[Extracted data entries]
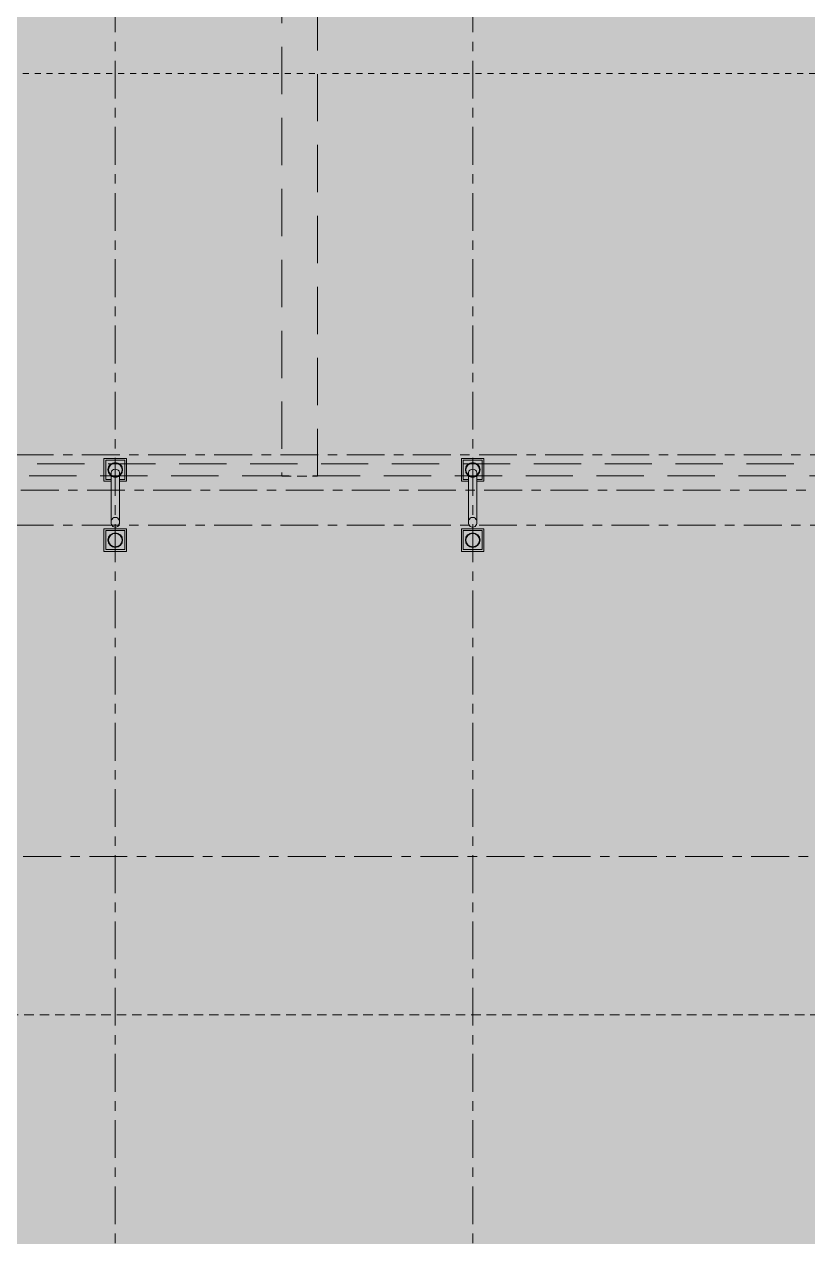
# Model space of a CAD drawing. Header units: metres. Extents: x 1156 to 2335, y -13 to 268.
# Drawn here: x 1249.17 to 1262.33, y 145.88 to 166.23 of the extents above; entities that cross this region are included whole.
import ezdxf

# ---------------------------------------------------------------- set-up
doc = ezdxf.new("R2010")
doc.units = ezdxf.units.M
doc.header["$LTSCALE"] = 0.05
doc.header["$PDMODE"] = 1
for name, pattern in [('Contínua', [0]), ('Grid Line', [0.022225, 0.0127, -0.003175, 0.003175, -0.003175]), ('HIDDEN2', [4.7625, 3.175, -1.5875]), ('Overhead 1_16_', [0.00258, 0.001587, -0.000992188])]:
    doc.linetypes.add(name, pattern=pattern)
doc.layers.get('0').update_dxf_attribs({"lineweight": 0})
for name, color, linetype, lineweight, true_color in [('A-DETL-GENF-2', 7, 'Continuous', 5, 0xffc5a8), ('A-GENM-2', 7, 'Continuous', 5, 0xe9e9e9), ('A-GENM-3', 7, 'Continuous', 5, 0xaeaeae), ('S-FNDN-1', 7, 'Continuous', 9, 0xd3d1cb), ('S-GRID-1', 7, 'Grid Line', 5, 0x0080c0)]:
    doc.layers.add(name, color=color, linetype=linetype, lineweight=lineweight, true_color=true_color)
for name, color, linetype, lineweight in [('A-FLOR-OVHD', 7, 'Overhead 1_16_', 5), ('A-GENM', 7, 'Continuous', 5), ('A-GENM-4', 7, 'Continuous', 9), ('ARQ_PAREDE', 3, 'Continuous', 5), ('S-FNDN', 7, 'Continuous', 5)]:
    doc.layers.add(name, color=color, linetype=linetype, lineweight=lineweight)
for name, color, linetype in [('FORIR', 4, 'Continuous'), ('G', 1, 'Continuous'), ('HACHURA', 252, 'Continuous'), ('sh- talude', 64, 'Continuous'), ('talude', 2, 'Continuous')]:
    doc.layers.add(name, color=color, linetype=linetype)
doc.styles.get("Standard").update_dxf_attribs({"font": 'stylu.ttf'})

# ---------------------------------------------------------------- blocks, each defined once
blk = doc.blocks.new('3D_INFOTEXT')
blk.add_point((0, 0))
at = {"flags": 1}
for tag, p in [('MAR_PEZ', (7, 4)), ('POS_PEZ', (8, -4)), ('NOM_PRO', (8, -13)), ('LUN_PRO', (7, -22)), ('MAT_PRO', (8, -30)), ('HANDLE', (7, -39))]:
    blk.add_attdef(tag, p, '', height=5.26, dxfattribs=at)
blk = doc.blocks.new('3D_INFOM')
blk.add_point((0, 0))
at = {"layer": 'FORIR', "flags": 1}
for tag, p in [('MARK', (8, -4)), ('NUM_DIS', (8, -12)), ('QTA_PEZ', (8, -19)), ('TRA_PEZ', (8, -26)), ('DES_PEZ', (8, -34)), ('NOT_PEZ', (46, -12)), ('TIP_PEZ', (46, -19)), ('COS_PEZ', (46, -26))]:
    blk.add_attdef(tag, p, '', height=5, dxfattribs=at)
blk = doc.blocks.new('PILAR1 - PILAR1-V5-Térreo')
at = {"layer": 'A-GENM-2'}
h = blk.add_hatch(color=256, dxfattribs=at)
h.paths.add_polyline_path([(0, -0.713), (0.038, -0.707), (0.072, -0.69), (0.1, -0.662), (0.117, -0.625), (0.123, -0.59), (0.117, -0.552), (0.1, -0.518), (0.066, -0.487), (0.035, -0.473), (-0.006, -0.468), (-0.038, -0.473), (-0.072, -0.49), (-0.1, -0.518), (-0.117, -0.555), (-0.123, -0.59), (-0.117, -0.628), (-0.1, -0.662), (-0.066, -0.693), (-0.035, -0.707), (-0.006, -0.712)])
h.paths.add_polyline_path([(0, -0.703), (-0.035, -0.697), (-0.066, -0.681), (-0.091, -0.656), (-0.107, -0.625), (-0.113, -0.59), (-0.106, -0.552), (-0.091, -0.524), (-0.066, -0.499), (-0.035, -0.483), (0, -0.477), (0.035, -0.483), (0.066, -0.499), (0.091, -0.524), (0.107, -0.555), (0.113, -0.59), (0.106, -0.628), (0.091, -0.656), (0.066, -0.681), (0.035, -0.697)])
h.paths.add_polyline_path([(-0.008, -0.374), (0.008, -0.374), (0.025, -0.369), (0.04, -0.36), (0.052, -0.346), (0.062, -0.33), (0.068, -0.311), (0.07, -0.291), (0.068, -0.271), (0.058, -0.245), (0.052, -0.235), (0.033, -0.218), (0.019, -0.211), (0.008, -0.208), (-0.008, -0.208), (-0.025, -0.213), (-0.044, -0.226), (-0.052, -0.236), (-0.063, -0.256), (-0.068, -0.271), (-0.07, -0.291), (-0.068, -0.311), (-0.062, -0.33), (-0.052, -0.346), (-0.04, -0.36), (-0.019, -0.371)])
h.paths.add_polyline_path([(0, 0.467), (0.029, 0.472), (0.044, 0.476), (0.072, 0.49), (0.1, 0.518), (0.118, 0.558), (0.123, 0.59), (0.117, 0.628), (0.1, 0.662), (0.066, 0.693), (0.035, 0.707), (0, 0.713), (-0.04, 0.706), (-0.072, 0.69), (-0.1, 0.662), (-0.117, 0.625), (-0.123, 0.59), (-0.117, 0.552), (-0.1, 0.518), (-0.067, 0.488), (-0.033, 0.472), (0, 0.467)])
h.paths.add_polyline_path([(0, 0.477), (-0.035, 0.483), (-0.07, 0.502), (-0.091, 0.524), (-0.107, 0.555), (-0.113, 0.59), (-0.106, 0.628), (-0.091, 0.656), (-0.061, 0.684), (-0.035, 0.697), (0, 0.703), (0.035, 0.697), (0.066, 0.681), (0.091, 0.656), (0.107, 0.625), (0.113, 0.59), (0.106, 0.552), (0.091, 0.524), (0.061, 0.496), (0.033, 0.482), (0.003, 0.477)])
at = {"layer": 'A-GENM-3'}
h = blk.add_hatch(color=256, dxfattribs=at)
h.paths.add_polyline_path([(-0.1, -0.75), (0.16, -0.75), (0.16, -0.43), (-0.16, -0.43), (-0.16, -0.75)])
h.paths.add_polyline_path([(0, -0.713), (-0.038, -0.707), (-0.072, -0.69), (-0.103, -0.656), (-0.117, -0.625), (-0.123, -0.59), (-0.117, -0.552), (-0.1, -0.518), (-0.066, -0.487), (-0.035, -0.473), (0, -0.467), (0.038, -0.473), (0.072, -0.49), (0.103, -0.524), (0.117, -0.555), (0.123, -0.59), (0.117, -0.628), (0.1, -0.662), (0.066, -0.693), (0.035, -0.707)])
h.paths.add_polyline_path([(0, -0.703), (0.038, -0.696), (0.066, -0.681), (0.091, -0.656), (0.107, -0.625), (0.113, -0.59), (0.106, -0.552), (0.091, -0.524), (0.066, -0.499), (0.035, -0.483), (0, -0.477), (-0.038, -0.484), (-0.066, -0.499), (-0.091, -0.524), (-0.107, -0.555), (-0.113, -0.59), (-0.106, -0.628), (-0.091, -0.656), (-0.066, -0.681), (-0.035, -0.697)])
h.paths.add_polyline_path([(-0.16, 0.43), (-0.07, 0.43), (-0.068, 0.487), (-0.052, 0.478), (-0.062, 0.485), (-0.072, 0.49), (-0.103, 0.524), (-0.117, 0.555), (-0.123, 0.59), (-0.117, 0.628), (-0.1, 0.662), (-0.066, 0.693), (-0.035, 0.707), (0, 0.713), (0.038, 0.707), (0.072, 0.69), (0.103, 0.656), (0.117, 0.625), (0.123, 0.59), (0.117, 0.552), (0.1, 0.518), (0.067, 0.488), (0.07, 0.489), (0.072, 0.43), (0.16, 0.43), (0.16, 0.75), (-0.16, 0.75), (-0.16, 0.49)])
h.paths.add_polyline_path([(0, 0.467), (0.033, 0.472), (0.025, 0.471), (0.008, 0.468)])
h.paths.add_polyline_path([(0.07, 0.502), (0.091, 0.524), (0.107, 0.555), (0.113, 0.59), (0.106, 0.628), (0.091, 0.656), (0.066, 0.681), (0.035, 0.697), (0, 0.703), (-0.04, 0.695), (-0.07, 0.678), (-0.091, 0.656), (-0.107, 0.625), (-0.113, 0.59), (-0.106, 0.552), (-0.091, 0.524), (-0.07, 0.502), (-0.068, 0.556), (-0.066, 0.561), (-0.058, 0.576), (-0.044, 0.588), (-0.026, 0.597), (-0.01, 0.601), (0.011, 0.601), (0.026, 0.597), (0.04, 0.591), (0.054, 0.58), (0.064, 0.566), (0.068, 0.556), (0.07, 0.539), (0.07, 0.518)])
h = blk.add_hatch(color=256, dxfattribs=at)
h.paths.add_polyline_path([(-0.07, -0.291), (-0.068, -0.271), (-0.062, -0.252), (-0.052, -0.236), (-0.04, -0.222), (-0.019, -0.211), (-0.008, -0.208), (0.008, -0.208), (0.025, -0.213), (0.04, -0.222), (0.052, -0.236), (0.062, -0.252), (0.068, -0.271), (0.07, -0.271), (0.068, 0.487), (0.052, 0.478), (0.033, 0.472), (0.019, 0.469), (0, 0.467), (-0.033, 0.472), (-0.06, 0.483), (-0.07, 0.488), (-0.07, -0.271)])
h.paths.add_polyline_path([(0.003, 0.477), (0.04, 0.485), (0.07, 0.502), (0.068, 0.556), (0.066, 0.561), (0.058, 0.575), (0.044, 0.588), (0.033, 0.594), (0.01, 0.601), (-0.01, 0.601), (-0.025, 0.597), (-0.04, 0.591), (-0.054, 0.58), (-0.062, 0.57), (-0.068, 0.556), (-0.07, 0.543), (-0.068, 0.5), (-0.061, 0.496), (-0.033, 0.482), (0, 0.477)])
at = {"layer": 'A-GENM'}
for p, q in [((0.16, 0.75), (-0.16, 0.75)), ((-0.16, 0.75), (-0.16, 0.43)), ((0.16, 0.43), (0.16, 0.75)), ((-0.16, 0.43), (-0.07, 0.43)), ((-0.07, 0.543), (-0.07, 0.502)), ((-0.07, 0.489), (-0.07, -0.291)), ((0.07, 0.502), (0.07, 0.543)), ((0.07, -0.291), (0.07, 0.489)), ((0.07, 0.43), (0.16, 0.43)), ((0.16, -0.43), (-0.16, -0.43)), ((-0.16, -0.43), (-0.16, -0.75)), ((0.16, -0.75), (0.16, -0.43)), ((-0.16, -0.75), (0.16, -0.75))]:
    blk.add_line(p, q, dxfattribs=at)
blk.add_ellipse((0, 0.543), major_axis=(-0.07, 0), ratio=0.838671, start_param=3.141593, end_param=6.283185, dxfattribs=at)
for points, knots in [([(-0.07, 0.489), (-0.07, 0.489), (-0.069, 0.488), (-0.067, 0.487), (-0.063, 0.485), (-0.058, 0.482), (-0.053, 0.479), (-0.049, 0.477), (-0.046, 0.476), (-0.044, 0.475), (-0.041, 0.474), (-0.04, 0.474), (-0.039, 0.473)], [0, 0, 0, 0, 0.0555556, 0.1111111, 0.1666667, 0.2222222, 0.2777778, 0.3055556, 0.3194444, 0.3333333, 0.3472222, 0.3602525, 0.3602525, 0.3602525, 0.3602525]), ([(-0.056, 0.48), (-0.057, 0.481), (-0.058, 0.482), (-0.059, 0.482), (-0.06, 0.482)], [0.7523361, 0.7523361, 0.7523361, 0.7523361, 0.76973684, 0.78231492, 0.78231492, 0.78231492, 0.78231492]), ([(-0.048, 0.477), (-0.048, 0.477), (-0.049, 0.477), (-0.051, 0.478), (-0.053, 0.479), (-0.053, 0.479)], [0.69860559, 0.69860559, 0.69860559, 0.69860559, 0.70065789, 0.72368421, 0.7320863, 0.7320863, 0.7320863, 0.7320863]), ([(-0.039, 0.473), (-0.041, 0.474), (-0.042, 0.475), (-0.044, 0.475), (-0.044, 0.475)], [0.65527816, 0.65527816, 0.65527816, 0.65527816, 0.67763158, 0.6818896, 0.6818896, 0.6818896, 0.6818896]), ([(-0.038, 0.473), (-0.038, 0.473), (-0.037, 0.473), (-0.035, 0.472), (-0.034, 0.472), (-0.033, 0.472), (-0.033, 0.471), (-0.032, 0.471), (-0.03, 0.471), (-0.027, 0.47), (-0.024, 0.469), (-0.021, 0.469), (-0.02, 0.469), (-0.018, 0.468), (-0.017, 0.468), (-0.015, 0.468), (-0.013, 0.468), (-0.009, 0.467), (-0.005, 0.467), (0, 0.467), (0.005, 0.467), (0.01, 0.467), (0.014, 0.468), (0.017, 0.468), (0.019, 0.468), (0.02, 0.469), (0.022, 0.469), (0.024, 0.469), (0.027, 0.47), (0.03, 0.471), (0.032, 0.471), (0.033, 0.471), (0.033, 0.472), (0.034, 0.472), (0.035, 0.472), (0.037, 0.473), (0.038, 0.473), (0.038, 0.473)], [0.3642325, 0.3642325, 0.3642325, 0.3642325, 0.375, 0.3819444, 0.3854167, 0.3888889, 0.3923611, 0.3958333, 0.4027778, 0.4166667, 0.4305556, 0.4375, 0.4444444, 0.4479167, 0.4513889, 0.4583333, 0.4652778, 0.4722222, 0.4861111, 0.5, 0.5138889, 0.5277778, 0.5416667, 0.5486111, 0.5555556, 0.5590278, 0.5625, 0.5694444, 0.5833333, 0.5972222, 0.6041667, 0.6076389, 0.6111111, 0.6145833, 0.6180556, 0.625, 0.6357723, 0.6357723, 0.6357723, 0.6357723]), ([(0.003, 0.477), (0.002, 0.477), (0, 0.477), (-0.002, 0.477), (-0.003, 0.477)], [0.49261041, 0.49261041, 0.49261041, 0.49261041, 0.5, 0.50725192, 0.50725192, 0.50725192, 0.50725192]), ([(0.039, 0.473), (0.04, 0.474), (0.041, 0.474), (0.044, 0.475), (0.046, 0.476), (0.049, 0.477), (0.053, 0.479), (0.058, 0.482), (0.063, 0.485), (0.067, 0.487), (0.069, 0.488), (0.07, 0.489), (0.07, 0.489)], [0.6397526, 0.6397526, 0.6397526, 0.6397526, 0.6527778, 0.6666667, 0.6805556, 0.6944444, 0.7222222, 0.7777778, 0.8333333, 0.8888889, 0.9444444, 1, 1, 1, 1]), ([(0.06, 0.482), (0.059, 0.482), (0.058, 0.481), (0.056, 0.481), (0.056, 0.48)], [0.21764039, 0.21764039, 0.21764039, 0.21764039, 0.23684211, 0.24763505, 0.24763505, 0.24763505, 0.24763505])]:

Brief ▸ Restate exactly, please, only the lines between the start of the data and the line containing "import ezdxf", both ends included, skipping the pictures.

Output for this exercise ▸
# Model space of a CAD drawing. Header units: metres. Extents: x 1156 to 2335, y -13 to 268.
# Drawn here: x 1249.17 to 1262.33, y 145.88 to 166.23 of the extents above; entities that cross this region are included whole.
import ezdxf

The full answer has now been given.